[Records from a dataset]
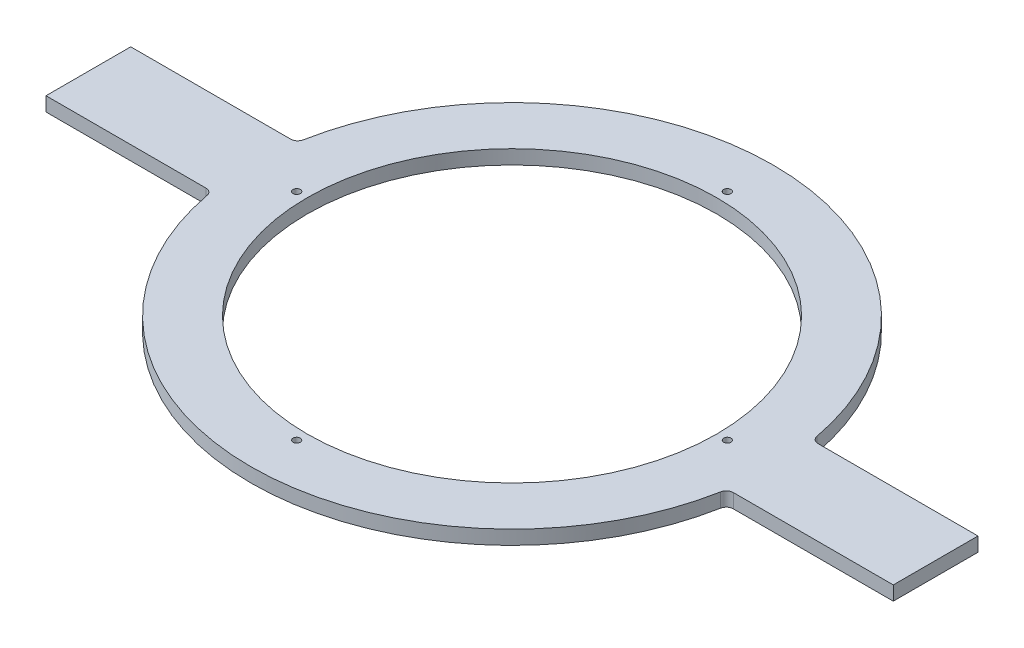
SolidWorks part; units mm, degrees
material "6061-T6 (SS)"
ref_plane "Front Plane" through (0, 0, 0) normal (0, 0, 1) x (1, 0, 0)
ref_plane "Top Plane" through (0, 0, 0) normal (0, 1, 0) x (1, 0, 0)
ref_plane "Right Plane" through (0, 0, 0) normal (1, 0, 0) x (0, 0, -1)
sketch "Sketch1" plane through (0, 0, 0) normal (0, 1, 0) x (1, 0, 0)
  line L0 (115.9201, 19.05) -> (190.5, 19.05)
  line L1 (-190.5, 19.05) -> (-115.9201, 19.05)
  line L2 (-190.5, 19.05) -> (-190.5, -19.05)
  line L3 (-190.5, -19.05) -> (-115.9201, -19.05)
  line L4 (190.5, 19.05) -> (190.5, -19.05)
  line L5 (-190.5, 19.05) -> (190.5, -19.05) construction
  line L6 (-190.5, -19.05) -> (190.5, 19.05) construction
  line L7 (115.9201, -19.05) -> (190.5, -19.05)
  circle A0 centre (0, 0) radius 92.075
  arc A1 (-115.9201, -19.05) -> (115.9201, -19.05) centre (0, 0) ccw
  arc A2 (115.9201, 19.05) -> (-115.9201, 19.05) centre (0, 0) ccw
  point P0 (0, 0)
  dimension "D3" = 184.15
  dimension "D4" = 25.4
  dimension "D1" = 381
  dimension "D2" = 38.1
extrude "Boss-Extrude1" add sketch "Sketch1" along normal blind 6.35
fillet "Fillet1" radius 3.175 4 edges at (-115.9201, 3.175, -19.05) (115.9201, 3.175, -19.05) (115.9201, 3.175, 19.05) (-115.9201, 3.175, 19.05)
hole_wizard "#4 Clearance Hole1" positions "Sketch2" profile "Sketch3" hole size "#4" standard "ANSI Inch" end condition through all
sketch "Sketch2" plane through (0, 6.35, 0) normal (0, 1, 0) x (1, 0, 0)
  circle A0 centre (0, 0) radius 96.8375
  circle A1 centre (0, 0) radius 92.075 construction
  point P7 (0, 96.8375)
  point P9 (96.8375, 0)
  point P11 (0, -96.8375)
  point P13 (-96.8375, 0)
  dimension "D1" = 4.7625
sketch "Sketch3" plane through (0, 6.35, -96.8375) normal (1, 0, 0) x (0, 0, 1)
  line L0 (0, 0) -> (0, 6.35)
  line L1 (0, 6.35) -> (1.6319, 6.35)
  line L2 (1.6319, 6.35) -> (1.6319, 0)
  line L5 (1.6319, 0) -> (0, 0)
  line L11 (0, -6.35) -> (0, 107.95) construction
  dimension "Thru Hole Dia." = 3.2639
  dimension "Thru Hole Depth" = 6.35

→ **What the task asks**
The expected output is every entry above, character for character, with no pictures.

→ **Task solution**
SolidWorks part; units mm, degrees
material "6061-T6 (SS)"
ref_plane "Front Plane" through (0, 0, 0) normal (0, 0, 1) x (1, 0, 0)
ref_plane "Top Plane" through (0, 0, 0) normal (0, 1, 0) x (1, 0, 0)
ref_plane "Right Plane" through (0, 0, 0) normal (1, 0, 0) x (0, 0, -1)
sketch "Sketch1" plane through (0, 0, 0) normal (0, 1, 0) x (1, 0, 0)
  line L0 (115.9201, 19.05) -> (190.5, 19.05)
  line L1 (-190.5, 19.05) -> (-115.9201, 19.05)
  line L2 (-190.5, 19.05) -> (-190.5, -19.05)
  line L3 (-190.5, -19.05) -> (-115.9201, -19.05)
  line L4 (190.5, 19.05) -> (190.5, -19.05)
  line L5 (-190.5, 19.05) -> (190.5, -19.05) construction
  line L6 (-190.5, -19.05) -> (190.5, 19.05) construction
  line L7 (115.9201, -19.05) -> (190.5, -19.05)
  circle A0 centre (0, 0) radius 92.075
  arc A1 (-115.9201, -19.05) -> (115.9201, -19.05) centre (0, 0) ccw
  arc A2 (115.9201, 19.05) -> (-115.9201, 19.05) centre (0, 0) ccw
  point P0 (0, 0)
  dimension "D3" = 184.15
  dimension "D4" = 25.4
  dimension "D1" = 381
  dimension "D2" = 38.1
extrude "Boss-Extrude1" add sketch "Sketch1" along normal blind 6.35
fillet "Fillet1" radius 3.175 4 edges at (-115.9201, 3.175, -19.05) (115.9201, 3.175, -19.05) (115.9201, 3.175, 19.05) (-115.9201, 3.175, 19.05)
hole_wizard "#4 Clearance Hole1" positions "Sketch2" profile "Sketch3" hole size "#4" standard "ANSI Inch" end condition through all
sketch "Sketch2" plane through (0, 6.35, 0) normal (0, 1, 0) x (1, 0, 0)
  circle A0 centre (0, 0) radius 96.8375
  circle A1 centre (0, 0) radius 92.075 construction
  point P7 (0, 96.8375)
  point P9 (96.8375, 0)
  point P11 (0, -96.8375)
  point P13 (-96.8375, 0)
  dimension "D1" = 4.7625
sketch "Sketch3" plane through (0, 6.35, -96.8375) normal (1, 0, 0) x (0, 0, 1)
  line L0 (0, 0) -> (0, 6.35)
  line L1 (0, 6.35) -> (1.6319, 6.35)
  line L2 (1.6319, 6.35) -> (1.6319, 0)
  line L5 (1.6319, 0) -> (0, 0)
  line L11 (0, -6.35) -> (0, 107.95) construction
  dimension "Thru Hole Dia." = 3.2639
  dimension "Thru Hole Depth" = 6.35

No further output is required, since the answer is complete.